Здесь мы поравнялись с зарослями акации, скрывавшими от нескромных взоров удобный песчаный спуск к озеру. Дама прошла на берег, а я остался ждать в лесу. Хотя, ждать мне особо не пришлось. Думаю, Эва даже не успела зайти в воду – хлопнули два выстрела. Беллетристка вскрикнула и через мгновение, придерживая себя рукой пониже спины, выскочила из кустов, чуть не сбив меня с ног. С другого берега неслась отборная ругань. Папаша Штер (я совершенно забыл про старого дурня) грозил оборвать фрейлейн Ангальт… ну, в общем – её мужские гениталии! если она «ещё хоть раз сунется к купальне».
ГЛАВА ШЕСТАЯ
Наверное, читатель уже имел возможность убедиться – я не суеверен и как человеку науки, мне было бы странно отыскивать тайный смысл небесных явлений. Поэтому, заслышав дальний гром, я подумал, что собирается обещанная синоптиками гроза и только. Люди, жившие в этом замке лет пятьсот назад, острее чувствовали свою связь с природой и без сомнения, распознали бы в низких гулких раскатах, знамение… Но давайте по порядку.
Пожелав управляющему доброй ночи, я покинул людскую и под завывание разгулявшейся непогоды, поднялся к нашей раненой. Фрейлейн Ангальт встретила меня в халате. Глаза её были красны от слёз.
– Эва, милая фрейлейн Эва… – поспешил я к ней. – Всё ещё болит?
Вместо ответа она покачала головой и отвернулась, закрыв лицо руками. Предполагая всевозможные несчастия, я осторожно обнял её за плечи. Конечно, в другой ситуации мой искренний порыв показался бы вольностью, но тогда всё вышло абсолютно естественно. Бедняжка Эва сначала стояла неподвижно, но затем, обернулась и прижавшись ко мне, словно ищущий защиты ребёнок, зашептала едва слышно:
– Случилось ужасное. Вы добрый, славный, но… Нет, я не могу...
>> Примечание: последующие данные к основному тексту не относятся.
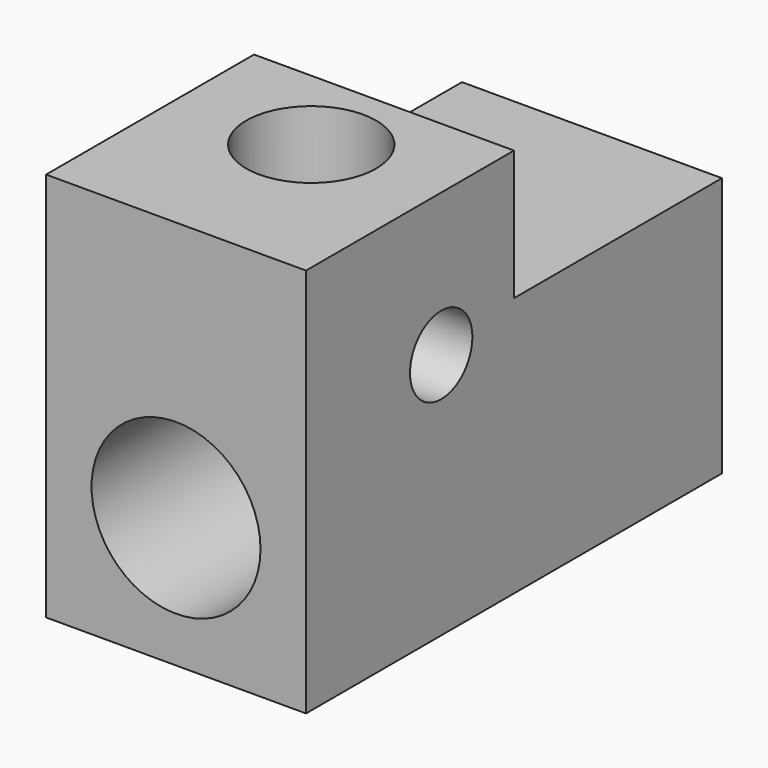
from build123d import *

# Parameters (mm, degrees)
F0_W          = 10
F0_H          = 10
F0_R          = 3.25
F1_DEPTH      = 10
F0_H_2        = 5
F2_DEPTH      = 10
F3_R          = 4.25
F3_R_2        = 3.25
F4_DEPTH      = 10
F5_R          = 1.5
F6_DEPTH      = 5.001
F6_DEPTH_BACK = 5.001
F7_R          = 2.5
F8_DEPTH      = 10


with BuildPart() as f1:
    # F0 (on Front) → F1 (new body)
    with BuildSketch(Plane.XZ):
        Rectangle(F0_W, F0_H)
        Circle(F0_R, mode=Mode.SUBTRACT)
    extrude(amount=-F1_DEPTH)

    # F0 (on Front) → F2 (join)
    with BuildSketch(Plane.XZ):
        with Locations((0, 7.5)):
            Rectangle(F0_W, F0_H_2)
        Rectangle(F0_W, F0_H)
        Circle(F0_R, mode=Mode.SUBTRACT)
    extrude(amount=F2_DEPTH)

    # F3 (on face) → F4 (cut)
    with BuildSketch(Plane(origin=(0, 10, 0), x_dir=(-1, 0, 0), z_dir=(0, 1, 0))):
        Circle(F3_R)
        Circle(F3_R_2, mode=Mode.SUBTRACT)
        Circle(F3_R_2)
    extrude(amount=-F4_DEPTH, mode=Mode.SUBTRACT)

    # F5 (on Right) → F6 (cut, two sides)
    with BuildSketch(Plane.YZ) as f6_sk:
        with Locations((-3.5, 4.5)):
            Circle(F5_R)
    extrude(amount=-F6_DEPTH, mode=Mode.SUBTRACT)
    extrude(f6_sk.sketch, amount=F6_DEPTH_BACK, mode=Mode.SUBTRACT)

    # F7 (on face) → F8 (cut)
    with BuildSketch(Plane.XY.offset(10)):
        with Locations((0, -3.5)):
            Circle(F7_R)
    extrude(amount=-F8_DEPTH, mode=Mode.SUBTRACT)


solid = f1.part
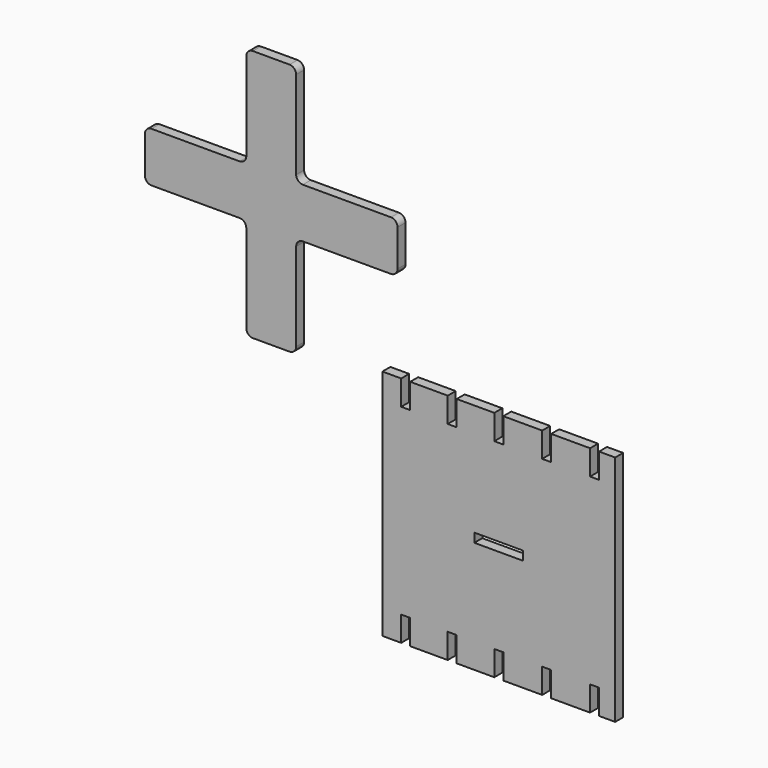
from build123d import *

# Parameters (mm, degrees)
F1_DEPTH = 3
F2_W     = 14.7
F2_H     = 2.7
F3_DEPTH = 3


# Not quite as in the source:
# - ends of sketch curves that miss each other by under 0.0002 mm in the source are joined


with BuildPart() as f1:
    # F0 (on Front) → F1 (new body)
    with BuildSketch(Plane.XZ):
        with BuildLine():
            ThreePointArc((-56.8837374449, 13.9543364197), (-56.2979510073, 12.5401228573), (-54.8837374449, 11.9543364197))
            Line((-54.8837374449, 11.9543364197), (-43.8837374449, 11.9543364197))
            ThreePointArc((-43.8837374449, 11.9543364197), (-42.4695238825, 12.5401228573), (-41.8837374449, 13.9543364197))
            Line((-41.8837374449, 13.9543364197), (-41.8837374449, 40.4543364197))
            ThreePointArc((-41.8837374449, 40.4543364197), (-41.2979510073, 41.8685499821), (-39.8837374449, 42.4543364197))
            Line((-39.8837374449, 42.4543364197), (-13.3837374449, 42.4543364197))
            ThreePointArc((-13.3837374449, 42.4543364197), (-11.9695238825, 43.0401228573), (-11.3837374449, 44.4543364197))
            Line((-11.3837374449, 44.4543364197), (-11.3837374449, 55.4543364197))
            ThreePointArc((-11.3837374449, 55.4543364197), (-11.9695238825, 56.8685499821), (-13.3837374449, 57.4543364197))
            Line((-13.3837374449, 57.4543364197), (-39.8837374449, 57.4543364197))
            ThreePointArc((-39.8837374449, 57.4543364197), (-41.2979510073, 58.0401228573), (-41.8837374449, 59.4543364197))
            Line((-41.8837374449, 59.4543364197), (-41.8837374449, 85.9543364197))
            ThreePointArc((-41.8837374449, 85.9543364197), (-42.4695238825, 87.3685499821), (-43.8837374449, 87.9543364197))
            Line((-43.8837374449, 87.9543364197), (-54.8837374449, 87.9543364197))
            ThreePointArc((-54.8837374449, 87.9543364197), (-56.2979510073, 87.3685499821), (-56.8837374449, 85.9543364197))
            Line((-56.8837374449, 85.9543364197), (-56.8837374449, 59.4543364197))
            ThreePointArc((-56.8837374449, 59.4543364197), (-57.4695238825, 58.0401228573), (-58.8837374449, 57.4543364197))
            Line((-58.8837374449, 57.4543364197), (-85.3837374449, 57.4543364197))
            ThreePointArc((-85.3837374449, 57.4543364197), (-86.7979532126, 56.8685499821), (-87.3837396502, 55.4543364197))
            Line((-87.3837396502, 55.4543364197), (-87.3837374449, 44.4543364197))
            ThreePointArc((-87.3837374449, 44.4543364197), (-86.7979510073, 43.0401228573), (-85.3837374449, 42.4543364197))
            Line((-85.3837374449, 42.4543364197), (-58.8837374449, 42.4543364197))
            ThreePointArc((-58.8837374449, 42.4543364197), (-57.4695238825, 41.8685499821), (-56.8837374449, 40.4543364197))
            Line((-56.8837374449, 40.4543364197), (-56.8837374449, 13.9543364197))
        make_face()
    extrude(amount=F1_DEPTH)


with BuildPart() as f3:
    # F2 (on Front) → F3 (new body)
    with BuildSketch(Plane.XZ):
        Polygon((54.0467553358, -54.2169875913), (54.0467553358, 15.7830124087), (49.1967553358, 15.7830124087), (49.1967553358, 8.2830124087), (46.4967553358, 8.2830124087), (46.4967553358, 15.7830124087), (34.7967553358, 15.7830124087), (34.7967553358, 8.2830124087), (32.0967553358, 8.2830124087), (32.0967553358, 15.7830124087), (20.3967553358, 15.7830124087), (20.3967553358, 8.2830124087), (17.6967553358, 8.2830124087), (17.6967553358, 15.7830124087), (6.3967553358, 15.7830124087), (6.3967553358, 8.2830124087), (3.6967553358, 8.2830124087), (3.6967553358, 15.7830124087), (-7.6032446642, 15.7830124087), (-7.6032446642, 8.2830124087), (-10.3032446642, 8.2830124087), (-10.3032446642, 15.7830124087), (-15.9532446642, 15.7830124087), (-15.9532446642, -54.2169875913), (-10.3032446642, -54.2169875913), (-10.3032446642, -46.7169875913), (-7.6032446642, -46.7169875913), (-7.6032446642, -54.2169875913), (3.6967553358, -54.2169875913), (3.6967553358, -46.7169875913), (6.3967553358, -46.7169875913), (6.3967553358, -54.2169875913), (17.6967553358, -54.2169875913), (17.6967553358, -46.7169875913), (20.3967553358, -46.7169875913), (20.3967553358, -54.2169875913), (32.0967553358, -54.2169875913), (32.0967553358, -46.7169875913), (34.7967553358, -46.7169875913), (34.7967553358, -54.2169875913), (46.4967553358, -54.2169875913), (46.4967553358, -46.7169875913), (49.1967553358, -46.7169875913), (49.1967553358, -54.2169875913), align=None)
        with Locations((19.0467553358, -19.2169875913)):
            Rectangle(F2_W, F2_H, mode=Mode.SUBTRACT)
    extrude(amount=F3_DEPTH)


solid = Compound([f1.part, f3.part])

Фрейлейн Ангальт замолчала, смутившись, как должно быть смущаются гимназистки перед старичком-доктором. Я настаивал. Убеждал довериться мне, находя всё новые доводы, но она опять покачала головой:
– Я верю вам, мой мальчик. Не верить, означало бы обидеть вас, – и видимо желая переменить тему, спросила. – Вилли, вы знали, что пояс Гертруды защёлкивается?
– Конечно, знал.
– А ключик?
– У меня в столе. Но, вы пытаетесь уйти от ответа…
– Видишь, ты сам виноват. Очень виноват!
Это «ты», да ещё произнесённое таким странным тоном…
– Эва, я...
Женщина не дала мне договорить. Она распахнула пеньюар, показав, худые бёдра, перехваченную золотым обручем талию и узкую, уходящую от пряжки вниз, в мягкую густую тень, где неловко было задерживать взгляд, ажурную сверкающую полосу. Я непроизвольно попятился, но упёрся в кровать и с размаху сел на перину. Странно улыбаясь, Эва медленно приблизилась.
– А раз виноват… – она ласково коснулась пальцами моей щеки, виска, и вдруг, крепко ухватив за волосы на затылке, прижала лицом к узорной металлической сетке пояса. – …тебя надо наказать.
От её горячих ладоней, от чувственного аромата женского тела голова пошла кругом.
– Мальчик мой… Милый мальчик, я так тебе верю! – стонала романистка, не выпуская меня из цепких объятий. Она дышала всё чаще, животом и при каждом вдохе первый из ряда шипов обрамлявших узкую прорезь, снизу пояса, больно впивался мне в подбородок. Очки запотели и съехали набок. – О-ох, как я вер…
Этот бессвязный монолог прервал налетевший порыва ветра, с такой силой шарахнув ставнем о раму, что чуть не высадил её напрочь. Занавески взметнулись кверху, под потолком закружились листы рукописи… Ещё сквозь свежесть дождя мне померещился лёгкий флёр шафрана, но, возможно, лишь померещился, да и особо разбирать было некогда. Беллетристка кинулась к окну.